For the avoidance of any doubt, the
draftsman should express the liability of
the tenant under the AGA to subsist,
notwithstanding that the contractual term
of the lease has expired, and a continuation
tenancy under s24 of the Landlord
and Tenant Act 1954 has arisen. See in this
respect Junction Estates Ltd v Cope [1974].

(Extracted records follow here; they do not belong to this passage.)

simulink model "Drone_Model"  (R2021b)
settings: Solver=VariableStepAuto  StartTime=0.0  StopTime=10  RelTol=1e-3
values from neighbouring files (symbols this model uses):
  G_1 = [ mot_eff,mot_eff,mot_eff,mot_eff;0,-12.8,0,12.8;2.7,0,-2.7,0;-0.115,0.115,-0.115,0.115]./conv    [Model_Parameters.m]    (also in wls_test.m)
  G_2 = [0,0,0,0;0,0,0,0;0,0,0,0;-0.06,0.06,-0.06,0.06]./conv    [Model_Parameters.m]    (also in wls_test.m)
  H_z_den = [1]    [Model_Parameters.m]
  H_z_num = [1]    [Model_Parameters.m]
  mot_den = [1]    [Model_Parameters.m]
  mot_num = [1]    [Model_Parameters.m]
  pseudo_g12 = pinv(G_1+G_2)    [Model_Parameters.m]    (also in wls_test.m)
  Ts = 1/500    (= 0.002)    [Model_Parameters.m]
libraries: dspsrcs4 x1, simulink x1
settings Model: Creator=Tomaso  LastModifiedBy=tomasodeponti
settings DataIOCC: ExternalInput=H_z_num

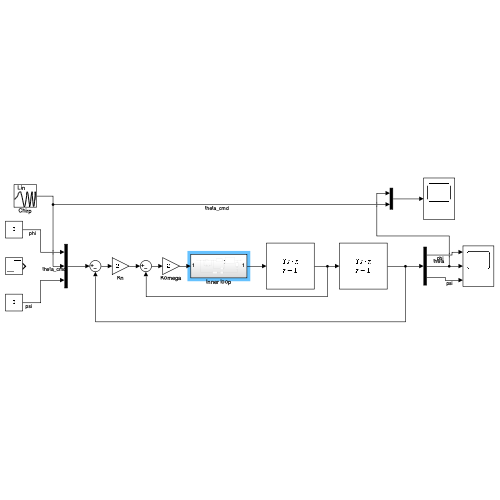
[thumbnail: Simulink's stored preview of the top-level diagram]
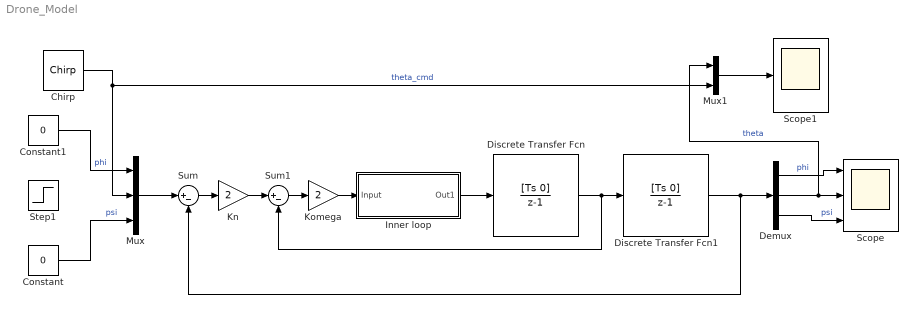
== system Drone_Model ==
  Chirp : dspsrcs4/Chirp  sweep=Linear  mode=Unidirectional  f0=0.1  f1=0.5  t1=0.5  Tsweep=10  phase=0  Ts=1/8000  spf=1  datatype=Double  OutputFrames=off
  Constant : Constant  Value=0
  Constant1 : Constant  Value=0
  Demux : Demux  Outputs=3
  Discrete Transfer Fcn : DiscreteTransferFcn  Numerator=[Ts 0]  Denominator=[1 -1]
  Discrete Transfer Fcn1 : DiscreteTransferFcn  Numerator=[Ts 0]  Denominator=[1 -1]
  Inner loop : Subsystem
  Kn : Gain  Gain=2
  Komega : Gain  Gain=2
  Mux : Mux  Inputs=3
  Mux1 : Mux  Inputs=2
  Scope : Scope  NumInputPorts=3
  Scope1 : Scope
  Step1 : Step  Time=10  SampleTime=0
  Sum : Sum  Inputs=|+-
  Sum1 : Sum  Inputs=|+-
  wires:
  Constant1/1 -> Mux/1  "phi"
  Chirp/1 -> Mux/2, Mux1/2  "theta_cmd"
  Constant/1 -> Mux/3  "psi"
  Inner loop/1(Out1) -> Discrete Transfer Fcn/1
  Discrete Transfer Fcn/1 -> Sum1/2, Discrete Transfer Fcn1/1
  Discrete Transfer Fcn1/1 -> Sum/2, Demux/1
  Demux/1 -> Scope/1  "phi"
  Demux/2 -> Mux1/1, Scope/2  "theta"
  Demux/3 -> Scope/3  "psi"
  Mux/1 -> Sum/1
  Kn/1 -> Sum1/1
  Sum/1 -> Kn/1
  Sum1/1 -> Komega/1
  Komega/1 -> Inner loop/1(Input)
  Mux1/1 -> Scope1/1

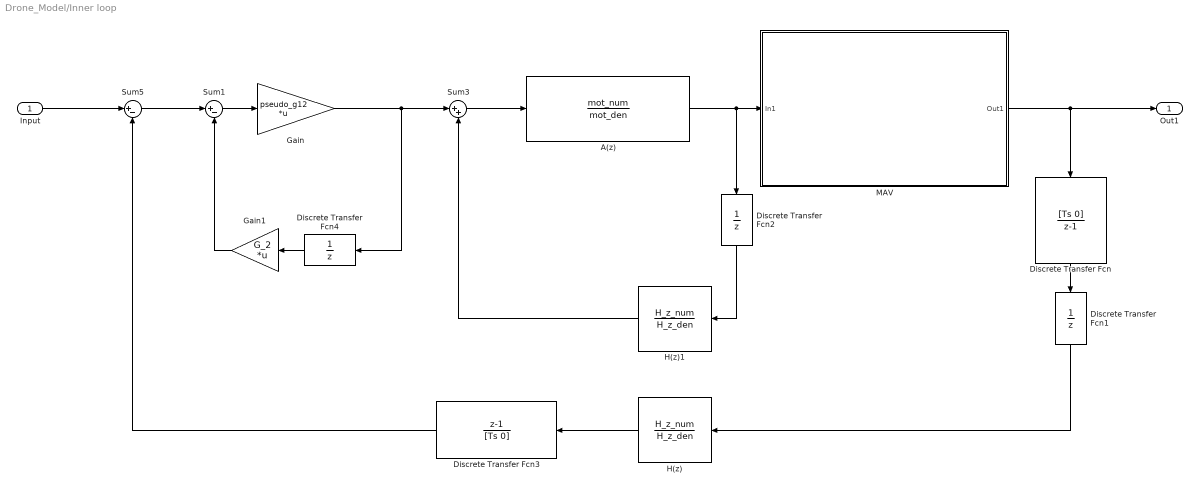
== system Drone_Model/Inner loop ==
  Input : Inport  PortDimensions=3
  A(z) : DiscreteTransferFcn  Numerator=mot_num  Denominator=mot_den  DenCoefDataTypeStr=int16
  Discrete Transfer Fcn : DiscreteTransferFcn  Numerator=[Ts 0]  Denominator=[1 -1]
  Discrete Transfer Fcn1 : DiscreteTransferFcn  Denominator=[1 0]
  Discrete Transfer Fcn2 : DiscreteTransferFcn  Denominator=[1 0]
  Discrete Transfer Fcn3 : DiscreteTransferFcn  Numerator=[1 -1]  Denominator=[Ts 0]
  Discrete Transfer Fcn4 : DiscreteTransferFcn  Denominator=[1 0]
  Gain : Gain  Gain=pseudo_g12  Multiplication=Matrix(K*u)
  Gain1 : Gain  Gain=G_2  Multiplication=Matrix(K*u)
  H(z) : DiscreteTransferFcn  Numerator=H_z_num  Denominator=H_z_den  DenCoefDataTypeStr=int16
  H(z)1 : DiscreteTransferFcn  Numerator=H_z_num  Denominator=H_z_den  DenCoefDataTypeStr=int16
  MAV : Subsystem
      mask Display: image('C:\Users\Tomaso\Pictures\Screenshots\Screenshot 2021-12-02 165056.png'); % Use "Edit Image" on toolstrip to change.
  Sum1 : Sum  Inputs=|+-
  Sum3 : Sum  Inputs=|++
  Sum5 : Sum  Inputs=|+-
  Out1 : Outport  PortDimensions=3
  wires:
  A(z)/1 -> Discrete Transfer Fcn2/1, MAV/1(In1)
  MAV/1(Out1) -> Out1/1, Discrete Transfer Fcn/1
  Discrete Transfer Fcn/1 -> Discrete Transfer Fcn1/1
  Discrete Transfer Fcn1/1 -> H(z)/1
  Discrete Transfer Fcn2/1 -> H(z)1/1
  Sum3/1 -> A(z)/1
  H(z)1/1 -> Sum3/2
  H(z)/1 -> Discrete Transfer Fcn3/1
  Discrete Transfer Fcn3/1 -> Sum5/2
  Gain/1 -> Sum3/1, Discrete Transfer Fcn4/1
  Sum5/1 -> Sum1/1
  Sum1/1 -> Gain/1
  Discrete Transfer Fcn4/1 -> Gain1/1
  Gain1/1 -> Sum1/2
  Input/1 -> Sum5/1

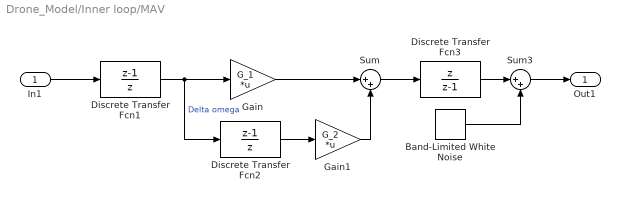
== system Drone_Model/Inner loop/MAV ==
  In1 : Inport  PortDimensions=4
  Band-Limited White Noise : simulink/Sources/Band-Limited White Noise  Cov=[0.1]  Ts=0.1  seed=[23341]
  Discrete Transfer Fcn1 : DiscreteTransferFcn  Numerator=[1 -1]  Denominator=[1 0]
  Discrete Transfer Fcn2 : DiscreteTransferFcn  Numerator=[1 -1]  Denominator=[1 0]
  Discrete Transfer Fcn3 : DiscreteTransferFcn  Numerator=[1 0]  Denominator=[1 -1]
  Gain : Gain  Gain=G_1  Multiplication=Matrix(K*u)
  Gain1 : Gain  Gain=G_2  Multiplication=Matrix(K*u)
  Sum : Sum  Inputs=|++
  Sum3 : Sum  Inputs=|++
  Out1 : Outport  PortDimensions=3
  wires:
  In1/1 -> Discrete Transfer Fcn1/1
  Discrete Transfer Fcn1/1 -> Discrete Transfer Fcn2/1, Gain/1  "Delta omega"
  Discrete Transfer Fcn2/1 -> Gain1/1
  Gain/1 -> Sum/1
  Gain1/1 -> Sum/2
  Sum/1 -> Discrete Transfer Fcn3/1
  Discrete Transfer Fcn3/1 -> Sum3/1
  Band-Limited White Noise/1 -> Sum3/2
  Sum3/1 -> Out1/1
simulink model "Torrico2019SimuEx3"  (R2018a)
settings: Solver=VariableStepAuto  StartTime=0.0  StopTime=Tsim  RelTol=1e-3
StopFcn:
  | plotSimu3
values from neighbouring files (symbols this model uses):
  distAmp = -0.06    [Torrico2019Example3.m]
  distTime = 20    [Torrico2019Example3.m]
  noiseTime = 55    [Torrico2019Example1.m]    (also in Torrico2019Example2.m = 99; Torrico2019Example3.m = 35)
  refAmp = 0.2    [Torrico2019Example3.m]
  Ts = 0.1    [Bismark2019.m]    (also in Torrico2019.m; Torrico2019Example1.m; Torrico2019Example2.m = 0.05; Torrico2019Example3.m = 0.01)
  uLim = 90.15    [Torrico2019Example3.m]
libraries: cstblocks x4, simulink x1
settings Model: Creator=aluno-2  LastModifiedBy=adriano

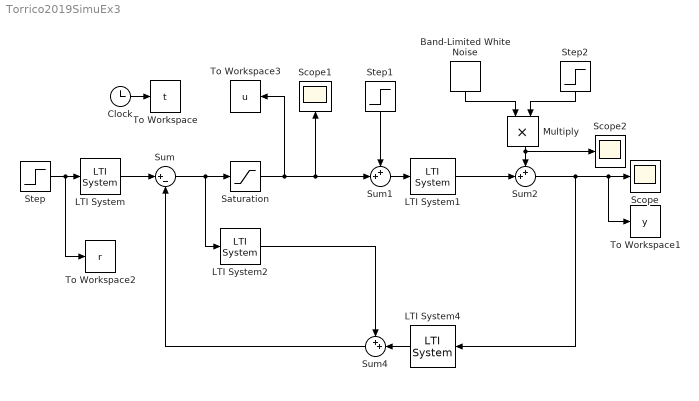
== system Torrico2019SimuEx3 ==
  Band-Limited White Noise : simulink/Sources/Band-Limited White Noise  Cov=noisePower  Ts=Ts  seed=[23341]
  Clock : Clock
  LTI System : cstblocks/LTI System  sys=F  IC=[]
  LTI System1 : cstblocks/LTI System  sys=P1z  IC=[]
  LTI System2 : cstblocks/LTI System  sys=S  IC=[]
  LTI System4 : cstblocks/LTI System  sys=V  IC=[]
  Multiply : Product
  Saturation : Saturate  UpperLimit=uLim  LowerLimit=-uLim
  Scope : Scope
  Scope1 : Scope
  Scope2 : Scope
  Step : Step  Time=0  After=refAmp  SampleTime=0
  Step1 : Step  Time=distTime  After=distAmp  SampleTime=0
  Step2 : Step  Time=noiseTime  SampleTime=0
  Sum : Sum  Inputs=|+-
  Sum1 : Sum  Inputs=++|
  Sum2 : Sum  Inputs=++|
  Sum4 : Sum  Inputs=++|
  To Workspace : ToWorkspace  VariableName=t  SampleTime=Ts
  To Workspace1 : ToWorkspace  VariableName=y  SampleTime=Ts
  To Workspace2 : ToWorkspace  VariableName=r  SampleTime=Ts
  To Workspace3 : ToWorkspace  VariableName=u  SampleTime=Ts
  wires:
  Step/1 -> To Workspace2/1, LTI System/1
  LTI System/1 -> Sum/1
  Sum1/1 -> LTI System1/1
  LTI System1/1 -> Sum2/2
  Sum4/1 -> Sum/2
  Sum2/1 -> LTI System4/1, To Workspace1/1, Scope/1
  LTI System2/1 -> Sum4/1
  LTI System4/1 -> Sum4/2
  Clock/1 -> To Workspace/1
  Sum/1 -> Saturation/1, LTI System2/1
  Band-Limited White Noise/1 -> Multiply/1
  Step2/1 -> Multiply/2
  Multiply/1 -> Scope2/1, Sum2/1
  Saturation/1 -> To Workspace3/1, Sum1/2, Scope1/1
  Step1/1 -> Sum1/1

Here it was held that, in the absence of
clear words, a guarantor’s liability under
its contract of guarantee will extend only
for the contractual term of the lease. By
analogy, this should apply equally in the
case of a tenant under an AGA.
Again, clear wording is desirable to
ensure that the tenant is liable under the
AGA for any interim rent ordered under
ss24A to 24D of the 1954 Act that is in
excess of the contractual rent. See Herbert
Duncan Ltd v Cluttons [1993]. Here the
Court of Appeal decided, as a matter of
construction of the lease, that the liability
of the original tenant under the lease did
extend to the continuation tenancy.
However, the appeal judges held that the
original tenant was liable only for rent at
the contractual rate, in this case £70,000
per annum, and not at the level of the
interim rent that had been ordered,
namely £200,000 per annum. Once more,
by analogy, this should apply also in the
case of an AGA.
Section 16(5) of the 1995 Act states
that an AGA may nevertheless:
• impose on the tenant any liability as
sole or principal debtor in respect of
any obligations of the assignee under
the tenant covenants;
• impose on the tenant liabilities as
guarantor, in respect of the assignee’s
performance of the tenant covenants,
which are not more onerous than
those to which they would be subject
in the event of their being liable as
sole or principal debtor;
• require the tenant, in the event of the
assigned tenancy being disclaimed, to
enter into a new tenancy of the premises,
but such new tenancy must not
be for more than the unexpired
residue of the assigned tenancy nor
contain more onerous terms; and
• make incidental or supplementary
provision to the foregoing.
Within the statutory limitations, the
parties are therefore at liberty to specify
the terms of the AGA. It is unclear how
strictly the courts would be likely to
construe the expression ‘incidental or
supplementary provision’. The better
view is that this would be restricted to
provisions dealing with non-substantive
matters such as service of notices etc.
In practice, many of the terms of an
AGA will reflect the provisions of a
contractual guarantor’s covenant in a
modern lease. However, it would not be
appropriate to impose a requirement on
the tenant to enter into a new (meaning
‘substitute’) lease in the event of premature
determination of the lease otherwise
than as a result of disclaimer. (This is outside
the scope of the statutory provision,
and on the basis of the decision in Active
Estates Ltd v Parness [2002] would probably
be ineffective.) Nor would it be
appropriate to provide for payment of
additional rent, following premature
determination, in order to offset letting
costs or voids. (This would also appear
to be outside the scope of the statutory
provisions.)
It is doubtful whether a provision in
an AGA requiring the appointment of a
replacement guarantor, in the event of the
tenant under the AGA meeting with
death, bankruptcy or liquidation, would
be effective. The 1995 Act makes it clear
that only a tenant may enter into an AGA.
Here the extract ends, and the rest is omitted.